Credit crisis piles on pressure

Related tags Debt

With the panic over Northern Rock, and the uneasy feeling that something worse is just round the corner, licensees and industry bosses are staring...

With the panic over Northern Rock, and the uneasy feeling that something worse is just round the corner, licensees and industry bosses are staring nervously at the Great British Pub Goer and wondering just when all the financial gloom will start to affect drinking and eating habits.

Common sense says soon. Levels of indebtedness have been rising to staggering levels, which are only serviceable when interest rates are low.

They may stay relatively low, if only to avoid bringing about the nightmare economic collapse that we all dread. But they're certainly edging up quite significantly in immediate response to the worldwide credit crunch. And hundreds of thousands of home owners are currently coming off fixed-rate deals and must now fork out much more each month.

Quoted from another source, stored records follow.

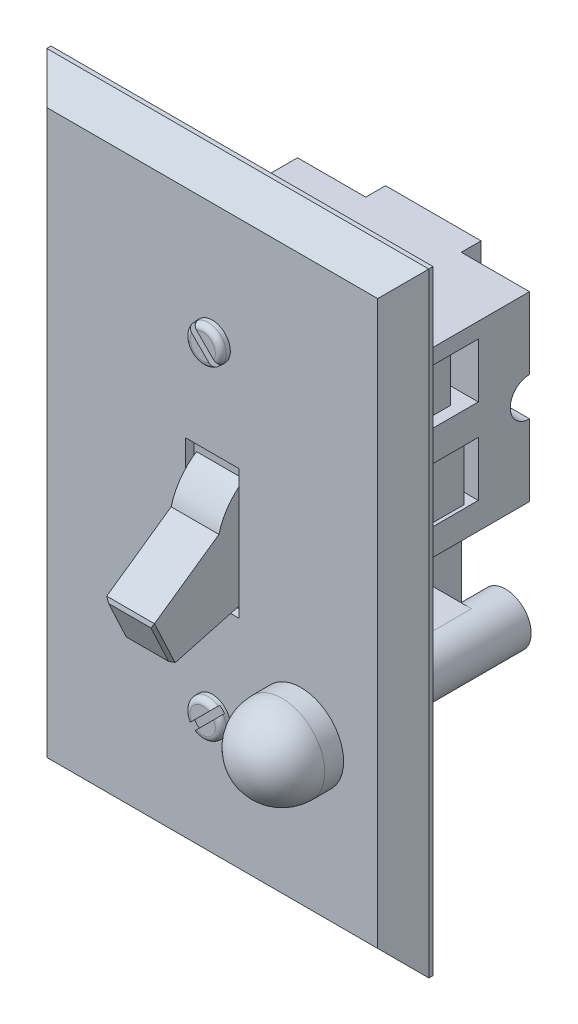
from build123d import *
from OCP.BRepFilletAPI import BRepFilletAPI_MakeChamfer

# Parameters (mm, degrees)
SKETCH1_W                 = 43.18
SKETCH1_H                 = 60.325
BOSS_EXTRUDE1_DEPTH       = 38.1
CUT_EXTRUDE1_DEPTH        = 54.174378287
CUT_EXTRUDE1_DEPTH_BACK   = 54.174378287
CUT_EXTRUDE2_DEPTH        = 12.7
CUT_EXTRUDE3_START        = -12.7
CUT_EXTRUDE3_DEPTH        = 12.7
CUT_EXTRUDE4_DEPTH        = 12.7
CUT_EXTRUDE5_DEPTH        = 15.875
CUT_EXTRUDE6_DEPTH        = 62.633906012
CUT_EXTRUDE6_DEPTH_BACK   = 62.633906012
SKETCH8_W                 = 3.81
SKETCH8_H                 = 2.8575
CUT_EXTRUDE7_DEPTH        = 44.241821553
SKETCH9_W                 = 12.7
SKETCH9_H                 = 14.478
CUT_EXTRUDE8_DEPTH        = 61.592610368
SKETCH10_W                = 12.7
SKETCH10_H                = 41.5925
CUT_EXTRUDE9_DEPTH        = 15.875
SKETCH11_W                = 3.175
SKETCH11_H                = 10.16
CUT_EXTRUDE10_DEPTH       = 12.7
SKETCH13_W                = 9.017
SKETCH13_H                = 10.16
SKETCH13_H_2              = 12.065
CUT_EXTRUDE11_DEPTH       = 2.032
CUT_EXTRUDE12_DEPTH       = 12.7
SKETCH15_R                = 2.413
BOSS_EXTRUDE2_DEPTH       = 1.524
SKETCH16_W                = 1.524
SKETCH16_H                = 9.906
BOSS_EXTRUDE3_DEPTH       = 6.858
SKETCH19_W                = 10.668
SKETCH19_H                = 13.589
BOSS_EXTRUDE5_DEPTH       = 1.524
SKETCH20_W                = 1.524
SKETCH20_H                = 12.065
BOSS_EXTRUDE6_DEPTH       = 6.858
SKETCH17_R                = 4.1275
BOSS_EXTRUDE4_DEPTH       = 2.54
FILLET1_R                 = 1.524
CUT_EXTRUDE13_DEPTH       = 1.27
CUT_EXTRUDE14_DEPTH       = 4.7625
CUT_EXTRUDE15_DEPTH       = 1.524
DELETEFACE2_START         = -8.89
DELETEFACE2_DEPTH         = 17.78
SKETCH23_R                = 1.7526
BOSS_EXTRUDE8_DEPTH       = 3.048
CUT_EXTRUDE16_DEPTH       = 70.14216971
CUT_EXTRUDE16_DEPTH_BACK  = 70.14216971
BOSS_EXTRUDE9_DEPTH       = 4.445
CHAMFER1_SIZE             = 0.508
CHAMFER1_SIZE2            = 0.62626395
BODY_MOVE_COPY1_ANGLE     = 25
BOSS_EXTRUDE10_DEPTH      = 1.524
BOSS_EXTRUDE10_DEPTH_BACK = 4.0259
SKETCH26_W                = 71.12
SKETCH26_H                = 114.3
CHAMFER2_SIZE             = 4.7625
SHELL1_T                  = -1.524
SKETCH27_R                = 6.731
SKETCH27_W                = 9.906
SKETCH27_H                = 24.13
CUT_EXTRUDE17_DEPTH       = 1.524
SKETCH28_R                = 3.3655
BOSS_EXTRUDE11_DEPTH      = 1.778
FILLET2_R                 = 1.016
CUT_EXTRUDE18_DEPTH       = 1.27
SKETCH31_R                = 4.7625
BOSS_EXTRUDE12_DEPTH      = 38.1
BOSS_EXTRUDE13_START      = -19.05
SKETCH32_W                = 7.62
SKETCH32_H                = 9.525
BOSS_EXTRUDE13_DEPTH      = 12.7


# Read off the part's stored shape, not the designer's step: DeleteFace2
with BuildPart() as part:
    # Sketch1 → Boss-Extrude1 (new body)
    with BuildSketch(Plane.XY):
        Rectangle(SKETCH1_W, SKETCH1_H)
    extrude(amount=BOSS_EXTRUDE1_DEPTH)

    # Sketch2 → Cut-Extrude1 (cut, two sides: drawn at the far end of the back side and taken through both)
    with BuildSketch(Plane(origin=(0, 0, 0), x_dir=(0, 0, -1), z_dir=(1, 0, 0)).offset(-CUT_EXTRUDE1_DEPTH_BACK)):
        Polygon((0, 0), (-3.683, -3.683), (-3.683, -30.1625), (0, -30.1625), align=None)
    extrude(amount=CUT_EXTRUDE1_DEPTH + CUT_EXTRUDE1_DEPTH_BACK, mode=Mode.SUBTRACT)

    # Sketch3 → Cut-Extrude2 (cut)
    with BuildSketch(Plane(origin=(21.59, 0, 0), x_dir=(0, 0, -1), z_dir=(1, 0, 0))):
        with BuildLine():
            Line((-3.683, 9.6647), (-3.683, -3.683))
            Line((-3.683, -3.683), (0, 0))
            Line((0, 0), (0, 30.1625))
            Line((0, 30.1625), (-3.683, 30.1625))
            Line((-3.683, 30.1625), (-3.683, 16.8148))
            ThreePointArc((-3.683, 16.8148), (-7.25805, 13.23975), (-3.683, 9.6647))
        make_face()
    extrude(amount=-CUT_EXTRUDE2_DEPTH, mode=Mode.SUBTRACT)

    # Sketch4 → Cut-Extrude3 (cut)
    with BuildSketch(Plane.ZY.offset(21.59).offset(CUT_EXTRUDE3_START)):
        with BuildLine():
            Line((3.683, -3.683), (3.683, 9.6647))
            ThreePointArc((3.683, 9.6647), (7.25805, 13.23975), (3.683, 16.8148))
            Line((3.683, 16.8148), (3.683, 30.1625))
            Line((3.683, 30.1625), (0, 30.1625))
            Line((0, 30.1625), (0, 0))
            Line((0, 0), (3.683, -3.683))
        make_face()
    extrude(amount=CUT_EXTRUDE3_DEPTH, mode=Mode.SUBTRACT)

    # Sketch5 → Cut-Extrude4 (cut)
    with BuildSketch(Plane(origin=(21.59, 0, 0), x_dir=(0, 0, -1), z_dir=(1, 0, 0))):
        with BuildLine():
            Line((-38.1, -13.208), (-26.9875, -13.208))
            ThreePointArc((-26.9875, -13.208), (-23.619903955, -11.813096045), (-22.225, -8.4455))
            Line((-22.225, -8.4455), (-22.225, -3.683))
            Line((-22.225, -3.683), (-3.683, -3.683))
            Line((-3.683, -3.683), (-3.683, -30.1625))
            Line((-3.683, -30.1625), (-38.1, -30.1625))
            Line((-38.1, -30.1625), (-38.1, -13.208))
        make_face()
    extrude(amount=-CUT_EXTRUDE4_DEPTH, mode=Mode.SUBTRACT)

    # Sketch6 → Cut-Extrude5 (cut)
    with BuildSketch(Plane.XY.offset(38.1)):
        with BuildLine():
            Line((13.97, 27.305), (21.59, 27.305))
            Line((21.59, 27.305), (21.59, 17.145))
            Line((21.59, 17.145), (13.97, 17.145))
            ThreePointArc((13.97, 17.145), (8.89, 22.225), (13.97, 27.305))
        make_face()
        with BuildLine():
            Line((13.97, 11.43), (21.59, 11.43))
            Line((21.59, 11.43), (21.59, 1.27))
            Line((21.59, 1.27), (13.97, 1.27))
            ThreePointArc((13.97, 1.27), (8.89, 6.35), (13.97, 11.43))
        make_face()
        with BuildLine():
            Line((-13.97, 1.27), (-21.59, 1.27))
            Line((-21.59, 1.27), (-21.59, 11.43))
            Line((-21.59, 11.43), (-13.97, 11.43))
            ThreePointArc((-13.97, 11.43), (-8.89, 6.35), (-13.97, 1.27))
        make_face()
        with BuildLine():
            Line((-13.97, 17.145), (-21.59, 17.145))
            Line((-21.59, 17.145), (-21.59, 27.305))
            Line((-21.59, 27.305), (-13.97, 27.305))
            ThreePointArc((-13.97, 27.305), (-8.89, 22.225), (-13.97, 17.145))
        make_face()
    extrude(amount=-CUT_EXTRUDE5_DEPTH, mode=Mode.SUBTRACT)

    # Sketch7 → Cut-Extrude6 (cut, two sides: drawn at the far end of the back side and taken through both)
    with BuildSketch(Plane.XZ.offset(13.208).offset(-CUT_EXTRUDE6_DEPTH_BACK)):
        with BuildLine():
            Line((14.605, 38.1), (14.605, 34.925))
            Line((14.605, 34.925), (17.78, 34.925))
            ThreePointArc((17.78, 34.925), (20.474076836, 33.809076836), (21.59, 31.115))
            Line((21.59, 31.115), (21.59, 38.1))
            Line((21.59, 38.1), (14.605, 38.1))
        make_face()
        with BuildLine():
            Line((-14.605, 34.925), (-17.78, 34.925))
            ThreePointArc((-17.78, 34.925), (-20.474076836, 33.809076836), (-21.59, 31.115))
            Line((-21.59, 31.115), (-21.59, 38.1))
            Line((-21.59, 38.1), (-14.605, 38.1))
            Line((-14.605, 38.1), (-14.605, 34.925))
        make_face()
    extrude(amount=CUT_EXTRUDE6_DEPTH + CUT_EXTRUDE6_DEPTH_BACK, mode=Mode.SUBTRACT)

    # Sketch8 → Cut-Extrude7 (cut, through all)
    with BuildSketch(Plane.XY.offset(22.225)):
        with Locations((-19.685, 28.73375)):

For some, it will prove too much and house repossessions will rocket. The housing market, which has fuelled the consumer boom of the past decade, will inevitably slow and re-mortgaging become less easily available to distressed debtors.

Many licensees are looking at the crisis as debtors themselves, with large loans to service and mountainous credit-card bills. For them, the crisis threatens to become a vicious circle. Customers stay away or don't spend so much - so income drops. But the bills go on getting bigger and bigger.

Pubcos know many of their lessees and tenants are already under real pressure. What's coming down the line could tip many over the edge and see a hail of returned keys and even more temporary managers installed, with all the damage that does to a pub's local standing.

Of course, many people believe pubs are well positioned to ride out the economic storm. And, certainly, people have to eat and drink, and pubs may well find they're serving people who used to eat in smart restaurants or top-range gastropubs.

But when money is tight for millions of people, going out at all starts to be a more considered decision. And when you're hard up, going to a tatty pub in winter, where you can't smoke inside, is not so attractive an option any more when the bank manager keeps writing to you about your overdraft.

Hopefully, there will be no full-blown disaster and things will settle down quickly. But surely the days of easy credit and ever-rising house prices are over. And pubs must learn to make themselves the only option when harder-pressed punters venture out.